(Records from a collection)
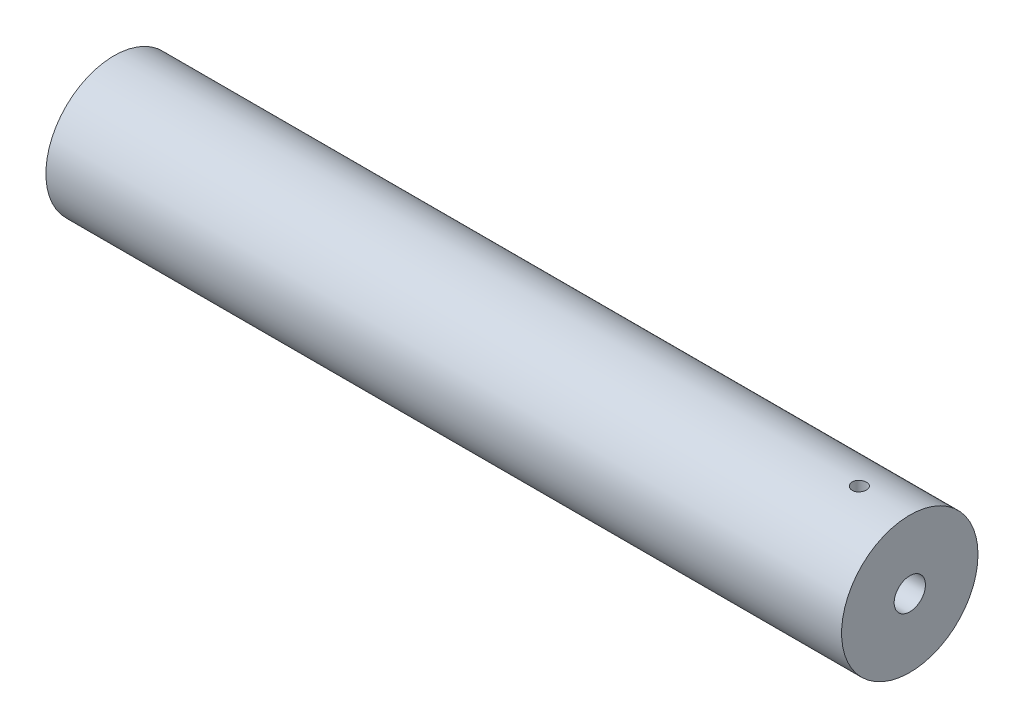
ISO-10303-21;
HEADER;
FILE_DESCRIPTION(('STEP AP214'),'2;1');
FILE_NAME('part.step','',(''),(''),'','','');
FILE_SCHEMA(('AUTOMOTIVE_DESIGN { 1 0 10303 214 1 1 1 1 }'));
ENDSEC;
DATA;
#1=APPLICATION_CONTEXT('core data for automotive mechanical design processes');
#2=APPLICATION_PROTOCOL_DEFINITION('international standard','automotive_design',2000,#1);
#3=PRODUCT_CONTEXT('',#1,'mechanical');
#4=PRODUCT('Part','Part','',(#3));
#5=PRODUCT_RELATED_PRODUCT_CATEGORY('part','',(#4));
#6=PRODUCT_DEFINITION_FORMATION('','',#4);
#7=PRODUCT_DEFINITION_CONTEXT('part definition',#1,'design');
#8=PRODUCT_DEFINITION('design','',#6,#7);
#9=PRODUCT_DEFINITION_SHAPE('','',#8);
#10=(LENGTH_UNIT() NAMED_UNIT(*) SI_UNIT(.MILLI.,.METRE.));
#11=(NAMED_UNIT(*) PLANE_ANGLE_UNIT() SI_UNIT($,.RADIAN.));
#12=(NAMED_UNIT(*) SI_UNIT($,.STERADIAN.) SOLID_ANGLE_UNIT());
#13=UNCERTAINTY_MEASURE_WITH_UNIT(LENGTH_MEASURE(1.E-05),#10,'distance_accuracy_value','');
#14=(GEOMETRIC_REPRESENTATION_CONTEXT(3) GLOBAL_UNCERTAINTY_ASSIGNED_CONTEXT((#13)) GLOBAL_UNIT_ASSIGNED_CONTEXT((#10,
#11,#12)) REPRESENTATION_CONTEXT('',''));
#15=CARTESIAN_POINT('',(0.,0.,0.));
#16=DIRECTION('',(0.,0.,1.));
#17=DIRECTION('',(1.,0.,0.));
#18=AXIS2_PLACEMENT_3D('',#15,#16,#17);
#19=CARTESIAN_POINT('',(131.130079525463,-120.,0.));
#20=DIRECTION('',(0.,1.,0.));
#21=DIRECTION('',(0.,0.,1.));
#22=AXIS2_PLACEMENT_3D('',#19,#20,#21);
#23=CYLINDRICAL_SURFACE('',#22,1.25000000000001);
#24=CARTESIAN_POINT('',(131.130079525463,-2.44948974278317,1.25000000000001));
#25=CARTESIAN_POINT('',(131.196087954239,-2.44949368228764,1.24999649350402));
#26=CARTESIAN_POINT('',(131.262199347476,-2.45219701957714,1.2447378244484));
#27=CARTESIAN_POINT('',(131.392461876427,-2.46264090706275,1.22393957837269));
#28=CARTESIAN_POINT('',(131.456607776006,-2.47039386281898,1.20837468013773));
#29=CARTESIAN_POINT('',(131.580818059726,-2.48986254372279,1.16772642001969));
#30=CARTESIAN_POINT('',(131.640899759733,-2.50155999360654,1.14268689094075));
#31=CARTESIAN_POINT('',(131.7559946184,-2.52757186133795,1.08393224916965));
#32=CARTESIAN_POINT('',(131.811008313043,-2.54188600196966,1.05021805532982));
#33=CARTESIAN_POINT('',(131.918526662095,-2.57270625364896,0.972392408700594));
#34=CARTESIAN_POINT('',(131.970610757711,-2.58929511801968,0.927732432282898));
#35=CARTESIAN_POINT('',(132.06686779967,-2.62212163999063,0.830430066961095));
#36=CARTESIAN_POINT('',(132.111037338476,-2.63835914368329,0.777784257759791));
#37=CARTESIAN_POINT('',(132.192505091893,-2.66969243866209,0.662562027156257));
#38=CARTESIAN_POINT('',(132.229310872708,-2.68468107121253,0.599605600022176));
#39=CARTESIAN_POINT('',(132.291622021179,-2.71078910043921,0.467587746509033));
#40=CARTESIAN_POINT('',(132.317133313559,-2.72191052506912,0.398529543785725));
#41=CARTESIAN_POINT('',(132.354546692516,-2.73844039615752,0.260702263713044));
#42=CARTESIAN_POINT('',(132.367179274127,-2.74415398467794,0.192168860207251));
#43=CARTESIAN_POINT('',(132.380856765775,-2.75034616684861,0.0537337492110859));
#44=CARTESIAN_POINT('',(132.381907340996,-2.75082731987365,-0.0161672725634469));
#45=CARTESIAN_POINT('',(132.372730512016,-2.74666518415707,-0.149965080853608));
#46=CARTESIAN_POINT('',(132.363311657815,-2.74238926124843,-0.2139310798263));
#47=CARTESIAN_POINT('',(132.334875592288,-2.72972015837754,-0.339258309266323));
#48=CARTESIAN_POINT('',(132.315857669237,-2.72132667311912,-0.40061934622245));
#49=CARTESIAN_POINT('',(132.268569509568,-2.70105493201454,-0.520129625913231));
#50=CARTESIAN_POINT('',(132.24016363026,-2.68912586975713,-0.578216222535312));
#51=CARTESIAN_POINT('',(132.17505685861,-2.66291017293157,-0.68894998656134));
#52=CARTESIAN_POINT('',(132.13835292804,-2.64862267537057,-0.741595151340284));
#53=CARTESIAN_POINT('',(132.054229769819,-2.61770923899541,-0.844521462680999));
#54=CARTESIAN_POINT('',(132.006180878326,-2.60098761803526,-0.894259880394277));
#55=CARTESIAN_POINT('',(131.90246240245,-2.56790977516793,-0.985234665281759));
#56=CARTESIAN_POINT('',(131.846788708995,-2.55155375585301,-1.02646641790382));
#57=CARTESIAN_POINT('',(131.726269575822,-2.52029978809172,-1.10104506894184));
#58=CARTESIAN_POINT('',(131.661123275473,-2.50550118974752,-1.13395121798235));
#59=CARTESIAN_POINT('',(131.525369195309,-2.48028797326794,-1.18809667415592));
#60=CARTESIAN_POINT('',(131.454766225228,-2.46986954528397,-1.20934612514666));
#61=CARTESIAN_POINT('',(131.315551315028,-2.45559834607938,-1.23805393738083));
#62=CARTESIAN_POINT('',(131.247167214568,-2.45132366398272,-1.2464018641072));
#63=CARTESIAN_POINT('',(131.109856228252,-2.44861334601462,-1.25172089001373));
#64=CARTESIAN_POINT('',(131.040929614163,-2.4501749518254,-1.24869736351008));
#65=CARTESIAN_POINT('',(130.910511258509,-2.45851920297553,-1.23217422693462));
#66=CARTESIAN_POINT('',(130.848875197682,-2.46486058692079,-1.21955926621108));
#67=CARTESIAN_POINT('',(130.728671928036,-2.48144703005368,-1.18544405201491));
#68=CARTESIAN_POINT('',(130.67010553996,-2.49169312725521,-1.16394143575356));
#69=CARTESIAN_POINT('',(130.554714289263,-2.51549375704146,-1.11159822979468));
#70=CARTESIAN_POINT('',(130.498089153042,-2.52917735570445,-1.08037807246867));
#71=CARTESIAN_POINT('',(130.390579924912,-2.55815836558198,-1.00984087724325));
#72=CARTESIAN_POINT('',(130.339698618428,-2.57345655287928,-0.97051993682405));
#73=CARTESIAN_POINT('',(130.239798219525,-2.60579094908277,-0.880267857698446));
#74=CARTESIAN_POINT('',(130.191477291788,-2.62284763397896,-0.828567938261544));
#75=CARTESIAN_POINT('',(130.104030412188,-2.65539591051489,-0.717441468187298));
#76=CARTESIAN_POINT('',(130.064906031443,-2.67088723447428,-0.658013600012931));
#77=CARTESIAN_POINT('',(129.996682042138,-2.69881612600612,-0.532064634336928));
#78=CARTESIAN_POINT('',(129.967699331786,-2.71121763780736,-0.465471699055611));
#79=CARTESIAN_POINT('',(129.921599069129,-2.73129834562412,-0.327635980482068));
#80=CARTESIAN_POINT('',(129.904472967649,-2.73898094374761,-0.256396588146305));
#81=CARTESIAN_POINT('',(129.883791935399,-2.74830068808534,-0.117466176582608));
#82=CARTESIAN_POINT('',(129.879257831228,-2.75037367442807,-0.0499494636179563));
#83=CARTESIAN_POINT('',(129.881145397558,-2.74951533998594,0.0848898576599922));
#84=CARTESIAN_POINT('',(129.887564430947,-2.74658522376394,0.15221250878732));
#85=CARTESIAN_POINT('',(129.910482302736,-2.73629690997646,0.281391999197476));
#86=CARTESIAN_POINT('',(129.926483425803,-2.72915761294651,0.343356169931394));
#87=CARTESIAN_POINT('',(129.9675145692,-2.71131278427637,0.463664188063018));
#88=CARTESIAN_POINT('',(129.992546121148,-2.70060664770133,0.522007419358057));
#89=CARTESIAN_POINT('',(130.052178066892,-2.6760233581899,0.636378008545805));
#90=CARTESIAN_POINT('',(130.087163708767,-2.66202358016365,0.692177439915805));
#91=CARTESIAN_POINT('',(130.165190306005,-2.63243399966462,0.797359045105189));
#92=CARTESIAN_POINT('',(130.208234781832,-2.61684350365392,0.846738398309331));
#93=CARTESIAN_POINT('',(130.305322290193,-2.58417614823031,0.941951228398695));
#94=CARTESIAN_POINT('',(130.359980422705,-2.56708296999995,0.987154004244772));
#95=CARTESIAN_POINT('',(130.47653812512,-2.53455914709153,1.06790018403237));
#96=CARTESIAN_POINT('',(130.53844242996,-2.5191296022894,1.10343722102545));
#97=CARTESIAN_POINT('',(130.668591982971,-2.49176565985743,1.16392442382467));
#98=CARTESIAN_POINT('',(130.736883750486,-2.47986003874526,1.18878813351711));
#99=CARTESIAN_POINT('',(130.877315359654,-2.46152275925821,1.22631765086684));
#100=CARTESIAN_POINT('',(130.949441414717,-2.45507273502283,1.23902440311468));
#101=CARTESIAN_POINT('',(131.04007062356,-2.45107611117236,1.24688636059437));
#102=CARTESIAN_POINT('',(131.058044969236,-2.45048261290848,1.24805272823734));
#103=CARTESIAN_POINT('',(131.09403682475,-2.44968888381115,1.24961004053751));
#104=CARTESIAN_POINT('',(131.112054336106,-2.44948866700671,1.25000095753309));
#105=CARTESIAN_POINT('',(131.130079525463,-2.44948974278317,1.25000000000001));
#106=B_SPLINE_CURVE_WITH_KNOTS('',3,(#24,#25,#26,#27,#28,#29,#30,#31,#32,#33,#34,#35,#36,#37,
#38,#39,#40,#41,#42,#43,#44,#45,#46,#47,#48,#49,#50,#51,#52,#53,#54,#55,#56,#57,#58,#59,#60,#61,
#62,#63,#64,#65,#66,#67,#68,#69,#70,#71,#72,#73,#74,#75,#76,#77,#78,#79,#80,#81,#82,#83,#84,#85,
#86,#87,#88,#89,#90,#91,#92,#93,#94,#95,#96,#97,#98,#99,#100,#101,#102,#103,#104,#105),
.UNSPECIFIED.,.T.,.F.,(4,2,2,2,2,2,2,2,2,2,2,2,2,2,2,2,2,2,2,2,2,2,2,2,2,2,2,2,2,2,2,2,2,2,2,2,
2,2,2,2,4),(0.,0.197949490145144,0.396387132894544,0.593917744022077,0.791427440589931,
1.00227982105291,1.21322276498811,1.43542192427069,1.65750438655094,1.86613997239169,
2.07467350237463,2.26815547775456,2.4616518010012,2.65807591784025,2.85457206969011,
3.06708946120134,3.27972183419203,3.50196731162579,3.72401907920022,3.92994297853527,
4.13576956743686,4.3246193340775,4.51351933887033,4.71099397075561,4.90856395864767,
5.12594226056981,5.34335767200036,5.56320241144762,5.78288846688931,5.98493699995735,
6.18693689403811,6.37925788088373,6.57161150192548,6.7727617644371,6.97400010437294,
7.19187634216839,7.40989575221216,7.62964928571057,7.84866005711312,7.90271299908982,
7.95676786918966),.UNSPECIFIED.);
#107=CARTESIAN_POINT('',(131.130079525463,-2.44948974278317,1.25000000000001));
#108=VERTEX_POINT('',#107);
#109=EDGE_CURVE('E36',#108,#108,#106,.T.);
#110=ORIENTED_EDGE('',*,*,#109,.T.);
#111=EDGE_LOOP('',(#110));
#112=FACE_BOUND('',#111,.T.);
#113=CARTESIAN_POINT('',(131.130079525463,-11.93471826228,1.25000000000001));
#114=CARTESIAN_POINT('',(131.200087913137,-11.9347191150424,1.24999697518323));
#115=CARTESIAN_POINT('',(131.270142207859,-11.9353409008733,1.24409877692398));
#116=CARTESIAN_POINT('',(131.408307407552,-11.9377604270999,1.2206594304104));
#117=CARTESIAN_POINT('',(131.476416102589,-11.9395594532585,1.20310555170273));
#118=CARTESIAN_POINT('',(131.608669321708,-11.9441275217712,1.15687251656013));
#119=CARTESIAN_POINT('',(131.672816264196,-11.9468959653314,1.12820022662262));
#120=CARTESIAN_POINT('',(131.795373715064,-11.9530902004971,1.06055770334254));
#121=CARTESIAN_POINT('',(131.853785335611,-11.9565158642756,1.02158947197069));
#122=CARTESIAN_POINT('',(131.963457343323,-11.9636536449667,0.934296678407964));
#123=CARTESIAN_POINT('',(132.014691984327,-11.967366722546,0.885939844855307));
#124=CARTESIAN_POINT('',(132.108333856255,-11.9746522541305,0.781311583098987));
#125=CARTESIAN_POINT('',(132.150740678094,-11.9782247016127,0.725039788315117));
#126=CARTESIAN_POINT('',(132.225612728019,-11.9848360068635,0.606020494104257));
#127=CARTESIAN_POINT('',(132.25805507834,-11.987873629993,0.543258528434162));
#128=CARTESIAN_POINT('',(132.31193088172,-11.99306255589,0.413140786628821));
#129=CARTESIAN_POINT('',(132.333364624256,-11.9952138819629,0.345785131339842));
#130=CARTESIAN_POINT('',(132.364539024554,-11.9983810704125,0.208652729588993));
#131=CARTESIAN_POINT('',(132.374322065215,-11.999401047473,0.138885714600337));
#132=CARTESIAN_POINT('',(132.382048529513,-12.0002046174434,-0.00130690592327248));
#133=CARTESIAN_POINT('',(132.379992284224,-11.9999882449266,-0.0717324929869605));
#134=CARTESIAN_POINT('',(132.364132884052,-11.9983468568877,-0.210955320524854));
#135=CARTESIAN_POINT('',(132.350375304594,-11.9969265307067,-0.279757815683575));
#136=CARTESIAN_POINT('',(132.311574800649,-11.9930422118587,-0.414071941104603));
#137=CARTESIAN_POINT('',(132.286531718941,-11.990578204652,-0.479583525506795));
#138=CARTESIAN_POINT('',(132.225821349141,-11.9848754491254,-0.605599466983953));
#139=CARTESIAN_POINT('',(132.190133960767,-11.981635237351,-0.666094071486253));
#140=CARTESIAN_POINT('',(132.109162610283,-11.974743492089,-0.78025242021022));
#141=CARTESIAN_POINT('',(132.063878342623,-11.9710919455069,-0.833915946854708));
#142=CARTESIAN_POINT('',(131.964742528846,-11.963766675583,-0.933155896006389));
#143=CARTESIAN_POINT('',(131.910851324876,-11.9600929292666,-0.978692709827728));
#144=CARTESIAN_POINT('',(131.796168717239,-11.9531545861231,-1.06007978169066));
#145=CARTESIAN_POINT('',(131.735377302113,-11.9498899899754,-1.09593002364597));
#146=CARTESIAN_POINT('',(131.608588744712,-11.944139339682,-1.15692647329621));
#147=CARTESIAN_POINT('',(131.542590363595,-11.9416534715147,-1.18207012452017));
#148=CARTESIAN_POINT('',(131.40727686407,-11.9377455447301,-1.22090774282747));
#149=CARTESIAN_POINT('',(131.337961855586,-11.9363234508818,-1.2346020891004));
#150=CARTESIAN_POINT('',(131.198330738969,-11.9347102430423,-1.2501011877722));
#151=CARTESIAN_POINT('',(131.128020850827,-11.9345133869079,-1.25196140238157));
#152=CARTESIAN_POINT('',(130.988090374799,-11.9353577854573,-1.24388519226923));
#153=CARTESIAN_POINT('',(130.918469776806,-11.9363990219608,-1.23394894076647));
#154=CARTESIAN_POINT('',(130.782056504352,-11.9395970583523,-1.2026083));
#155=CARTESIAN_POINT('',(130.715257717741,-11.9417512975577,-1.18123023085879));
#156=CARTESIAN_POINT('',(130.586194065028,-11.9469305336369,-1.12763970354661));
#157=CARTESIAN_POINT('',(130.523929311365,-11.9499555520955,-1.09542697680143));
#158=CARTESIAN_POINT('',(130.405448676125,-11.9565493817568,-1.02094298796708));
#159=CARTESIAN_POINT('',(130.349255974211,-11.9601201592886,-0.978635031111946));
#160=CARTESIAN_POINT('',(130.244749824107,-11.967396775493,-0.885214034353472));
#161=CARTESIAN_POINT('',(130.196436587775,-11.9711026177939,-0.834100757774533));
#162=CARTESIAN_POINT('',(130.108869002342,-11.9782491893122,-0.724279176687235));
#163=CARTESIAN_POINT('',(130.069650874505,-11.9816888233373,-0.665541909470576));
#164=CARTESIAN_POINT('',(130.001636222155,-11.9878994174722,-0.542282402189472));
#165=CARTESIAN_POINT('',(129.972839544344,-11.9906703874177,-0.477760247237067));
#166=CARTESIAN_POINT('',(129.926546362289,-11.9952265074374,-0.344888025233447));
#167=CARTESIAN_POINT('',(129.909028124505,-11.9970135525649,-0.276545597858203));
#168=CARTESIAN_POINT('',(129.88571820293,-11.9994082618957,-0.137869776943755));
#169=CARTESIAN_POINT('',(129.879926159536,-12.0000159622655,-0.0675364445258053));
#170=CARTESIAN_POINT('',(129.880238346049,-11.9999834694783,0.0727692297747856));
#171=CARTESIAN_POINT('',(129.886286404537,-11.9993491685798,0.142741704768525));
#172=CARTESIAN_POINT('',(129.909989145783,-11.996915580434,0.28067073653074));
#173=CARTESIAN_POINT('',(129.927643835457,-11.9951162924927,0.348627292098231));
#174=CARTESIAN_POINT('',(129.974042796885,-11.990554266156,0.480593939441451));
#175=CARTESIAN_POINT('',(130.00278526139,-11.9877916847795,0.544604672394921));
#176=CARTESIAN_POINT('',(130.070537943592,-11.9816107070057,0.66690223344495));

Task objective:
Pictures are to be left out while the lines from the beginning of the records through the line with "#10=(LENGTH_UNIT() NAMED_UNIT(*) SI_UNIT(.MILLI.,.METRE.));" are copied word for word.

Result below:
ISO-10303-21;
HEADER;
FILE_DESCRIPTION(('STEP AP214'),'2;1');
FILE_NAME('part.step','',(''),(''),'','','');
FILE_SCHEMA(('AUTOMOTIVE_DESIGN { 1 0 10303 214 1 1 1 1 }'));
ENDSEC;
DATA;
#1=APPLICATION_CONTEXT('core data for automotive mechanical design processes');
#2=APPLICATION_PROTOCOL_DEFINITION('international standard','automotive_design',2000,#1);
#3=PRODUCT_CONTEXT('',#1,'mechanical');
#4=PRODUCT('Part','Part','',(#3));
#5=PRODUCT_RELATED_PRODUCT_CATEGORY('part','',(#4));
#6=PRODUCT_DEFINITION_FORMATION('','',#4);
#7=PRODUCT_DEFINITION_CONTEXT('part definition',#1,'design');
#8=PRODUCT_DEFINITION('design','',#6,#7);
#9=PRODUCT_DEFINITION_SHAPE('','',#8);
#10=(LENGTH_UNIT() NAMED_UNIT(*) SI_UNIT(.MILLI.,.METRE.));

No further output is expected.